La realidad es que con estas Leyes únicamente se ha pretendido otorgar derechos a una situación de hecho, con el único objetivo de allegar votos o satisfacer el llamado complejo progresista del que hacen gala algunos políticos. Y la consecuencia es que homologar las parejas de hecho es discriminar a la familia: es injusto tratar igual a los distintos. Se ha reducido la familia a un mero centro de consumo con el que el único compromiso social es elevar su calidad de vida. A la inversa, cualquier tipo de convivencia que consuma es considerado familia. Es curioso que el Estado únicamente persiga la mejora de la calidad de vida de sus ciudadanos, cuando para muchas personas su principal y más dramático problema es la dificultad de realizar su proyecto de vida familiar: se ofrecen soluciones a los problemas económicos, mientras se ignoran —o se juega frívolamente— con los problemas sociales.
La consecuencia de esta frivolidad progresista es evidente: la fidelidad entre los menores de 30 años es del 50%; ha crecido el porcentaje de cohabitación; tenemos la más baja natalidad del mundo; el porcentaje de familias monoparentales (soltería, divorcios, viudedad) ronda el 5%; el porcentaje de niños extramatrimoniales se ha elevado al 11%; ha disminuido la nupcialidad y ésta se retrasa hasta los 27-30 años; se ha reducido drásticamente el número de familias con 5 o más miembros. La sociedad se asusta hipócritamente con estos datos, porque una sociedad con familias inestables también es inestable; pero no parece dispuesta a exigir a sus gobernantes que pongan coto a las causas.
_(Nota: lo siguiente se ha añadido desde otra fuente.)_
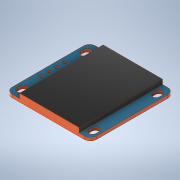
# Autodesk Inventor part: wishiot_oled
Saved by Autodesk Inventor 2020.2 (Build 242310000, 310)
## iProperties
Created: 2020-04-10
Part Number: wishiot_oled
Material: Phenolic Resin
Document SubType Name: Modeling
Designer: agmlego
Mass: 2.0467 g
Surface Area: 17.0385 cm^2
Volume: 1.48312 cm^3
Density: 1.38 g/cm^3
Appearance: Smooth - Light Orange
Author: agmlego
Autodesk Inventor part; units mm, degrees
ref_plane "YZ Plane" through (0, 0, 0) normal (1, 0, 0) x (0, 1, 0)
ref_plane "XZ Plane" through (0, 0, 0) normal (0, 1, 0) x (-1, 0, 0)
ref_plane "XY Plane" through (0, 0, 0) normal (0, 0, 1) x (1, 0, 0)
sketch "Sketch1" plane through (0, 0, 0) normal (0, 1, 0) x (-1, 0, 0)
  line L0 (2, 0) -> (25.3, 0)
  line L1 (27.3, -2) -> (27.3, -25)
  line L2 (25.3, -27) -> (2, -27)
  line L3 (0, -25) -> (0, -2)
  arc A0 (2, 0) -> (0, -2) centre (2, -2) ccw
  arc A1 (27.3, -2) -> (25.3, 0) centre (25.3, -2) ccw
  arc A2 (25.3, -27) -> (27.3, -25) centre (25.3, -25) ccw
  arc A3 (0, -25) -> (2, -27) centre (2, -25) ccw
  point P0 (0, 0)
  point P1 (27.3, 0)
  point P2 (0, -27)
  dimension "d0" = 27.3
  dimension "d1" = 27
  dimension "d2" = 2
  constraints: 8 end point, 8 point on circle, 8 tangent, 6 point on line, 4 centre point, 3 equal radius, 2 parallel, 1 horizontal, 1 perpendicular
  measures "d0" distance of point (0, 0) point (27.3, 0)
  measures "d1" distance of point (0, -27) point (0, 0)
  measures "d2" radius of A0
extrude "Extrusion1" add sketch "Sketch1" along normal blind 1
sketch "Sketch2" plane through (0, 1, 0) normal (0, 1, 0) x (1, 0, 0)
  arc A0 (-24.05, 24.075) -> (-26.3, 24.075) centre (-25.175, 24.075) ccw
  arc A1 (-26.3, 23.075) -> (-24.05, 23.075) centre (-25.175, 23.075) ccw
  line L0 (-26.3, 24.075) -> (-26.3, 23.075)
  line L1 (-24.05, 23.075) -> (-24.05, 24.075)
  line L2 (-27.3, 25) -> (-27.3, 2) projected
  line L3 (-2, 27) -> (-25.3, 27) projected
  arc A2 (-26.3, 2.575) -> (-24.05, 2.575) centre (-25.175, 2.575) ccw
  line L4 (-24.05, 2.575) -> (-24.05, 3.575)
  arc A3 (-24.05, 3.575) -> (-26.3, 3.575) centre (-25.175, 3.575) ccw
  line L5 (-26.3, 3.575) -> (-26.3, 2.575)
  arc A4 (-3.05, 23.075) -> (-0.8, 23.075) centre (-1.925, 23.075) ccw
  line L6 (-0.8, 23.075) -> (-0.8, 24.075)
  arc A5 (-0.8, 24.075) -> (-3.05, 24.075) centre (-1.925, 24.075) ccw
  line L7 (-3.05, 24.075) -> (-3.05, 23.075)
  arc A6 (-3.05, 2.575) -> (-0.8, 2.575) centre (-1.925, 2.575) ccw
  line L8 (-0.8, 2.575) -> (-0.8, 3.575)
  arc A7 (-0.8, 3.575) -> (-3.05, 3.575) centre (-1.925, 3.575) ccw
  line L9 (-3.05, 3.575) -> (-3.05, 2.575)
  point P0 (0, 0)
  dimension "d5" = 2.25
  dimension "d6" = 3.25
  dimension "d7" = 1
  dimension "d8" = 1.8
  dimension "d11" = 20.5
  dimension "d14" = 23.25
  constraints: 20 point on circle, 16 end point, 8 centre point, 4 point on line, 3 tangent, 2 vertical, 1 equal radius, 1 horizontal, 33 other
  measures "d5" distance between parallel lines of L1 L0
  measures "d7" distance between parallel lines of L2 L0
  measures "d8" distance edge to line of A0 L3
  measures "d11" distance of A1.centre A2.centre
  measures "d14" distance of A1.centre A4.centre
extrude "Extrusion2" cut sketch "Sketch2" against normal through all
sketch "Sketch3" plane through (0, 1, 0) normal (0, 1, 0) x (1, 0, 0)
  line L0 (-25.3, 0) -> (-2, 0) projected
  line L1 (-2, 27) -> (-25.3, 27) projected
  line L2 (-22.9, 0) -> (-3.7, 0)
  line L3 (-3.7, 0) -> (-3.7, 27)
  line L4 (-3.7, 27) -> (-22.9, 27)
  line L5 (-22.9, 27) -> (-22.9, 0)
  line L6 (-27.3, 25) -> (-27.3, 2) projected
  point P0 (0, 0)
  dimension "d19" = 19.2
  dimension "d20" = 4.4
  constraints: 8 end point, 2 parallel, 2 point on line, 1 horizontal, 1 perpendicular
  measures "d19" distance between parallel lines of L3 L5
  measures "d20" distance between parallel lines of L6 L5
extrude "Extrusion3" add sketch "Sketch3" along normal blind 1.5
sketch "Sketch4" plane through (0, 1, 0) normal (0, 1, 0) x (1, 0, 0)
  line L0 (-27.3, 25) -> (-27.3, 2) construction
  line L1 (-25.7, 12.23) -> (-27.3, 13.5) construction
  line L2 (-25.7, 14.77) -> (-27.3, 13.5) construction
  point P0 (0, 0)
  point P1 (-25.7, 9.69)
  point P2 (-25.7, 17.31)
  dimension "d25" = 2.54
  dimension "d30" = 1.6
  constraints: 4 end point, 1 equal length, 1 midpoint, 1 vertical, 3 other
  measures "d25" distance of point (-25.7, 9.69) L1.start
  measures "d30" distance from line of L0 point (-25.7, 9.69)
hole "Hole1" at (-25.7, 1, -9.69) at (-25.7, 1, -12.23) at (-25.7, 1, -14.77) at (-25.7, 1, -17.31) direction (0, -1, 0) diameter 1.016 end through all start extended yes
sketch "Sketch5" plane through (0, 0, 0) normal (0, -1, 0) x (1, 0, 0)
  circle A0 centre (-25.7, -9.69) radius 0.508 construction
sketch "Sketch6" plane through (0, 0, 0) normal (0, -1, 0) x (1, 0, 0)
  circle A0 centre (-25.7, -12.23) radius 0.508 construction
sketch "Sketch7" plane through (0, 0, 0) normal (0, -1, 0) x (1, 0, 0)
  circle A0 centre (-25.7, -14.77) radius 0.508 construction
sketch "Sketch8" plane through (0, 0, 0) normal (0, -1, 0) x (1, 0, 0)
  circle A0 centre (-25.7, -17.31) radius 0.508 construction
body "Solid1"

Como decíamos al principio, el matrimonio nace con vocación vitalicia; pero desgraciadamente, en muchas ocasiones termina antes que la vida de uno de los cónyuges. Donde hay libertad humana habrá discrepancia de pareceres y planes; y en algunos casos esta discrepancia llevará a la ruptura. Pero ésta debería ser la excepción, debiendo ayudar la sociedad a llevar a término el mayor número de proyectos matrimoniales iniciados. Es obligación del Estado fortalecer en la medida de sus posibilidades —la libertad humana no puede violarse— la institución matrimonial, estableciendo una regulación de la separación matrimonial y el divorcio que persuada a los cónyuges de la ruptura, evitando la frivolidad con que

se producen muchas de ellas (desde 1982 se han producido 1,4 millones de separaciones o divorcios).
Se debe evitar que la mera existencia legal del divorcio se configure como una causa de la ruptura, al presentarse como camino fácil frente al esfuerzo necesario para superar cualquier crisis matrimonial. Por otra parte, la facilidad del divorcio introduce un elemento de desconfianza en la relación matrimonial, dificultando la entrega absoluta que es la base imprescindible de su permanencia y éxito. Se ha demostrado eficaz en este sentido establecer plazos de reflexión y reconciliación, durante los que se descubre que el remedio de la ruptura es peor que la enfermedad de la discrepancia; y a largo plazo se reconducen con éxito crisis matrimoniales que a corto —en plena confrontación— no veían salida. Por el contrario, puede constatarse que en los países europeos, cuando se ha flexibilizado la regulación del divorcio simplificado los trámites, el número de estos ha subido rápidamente.
Por otra parte, se debe fortalecer la seguridad jurídica de los cónyuges, dificultando al máximo el acceso al divorcio en contra de la voluntad de una de las partes; e incluso regulando un contrato matrimonial que no fuese nunca disoluble judicialmente sin el previo consentimiento de ambas partes. Todo ello, sin limitar la actuación de los jueces en los casos de nulidad matrimonial o de violencia doméstica física o psicológica.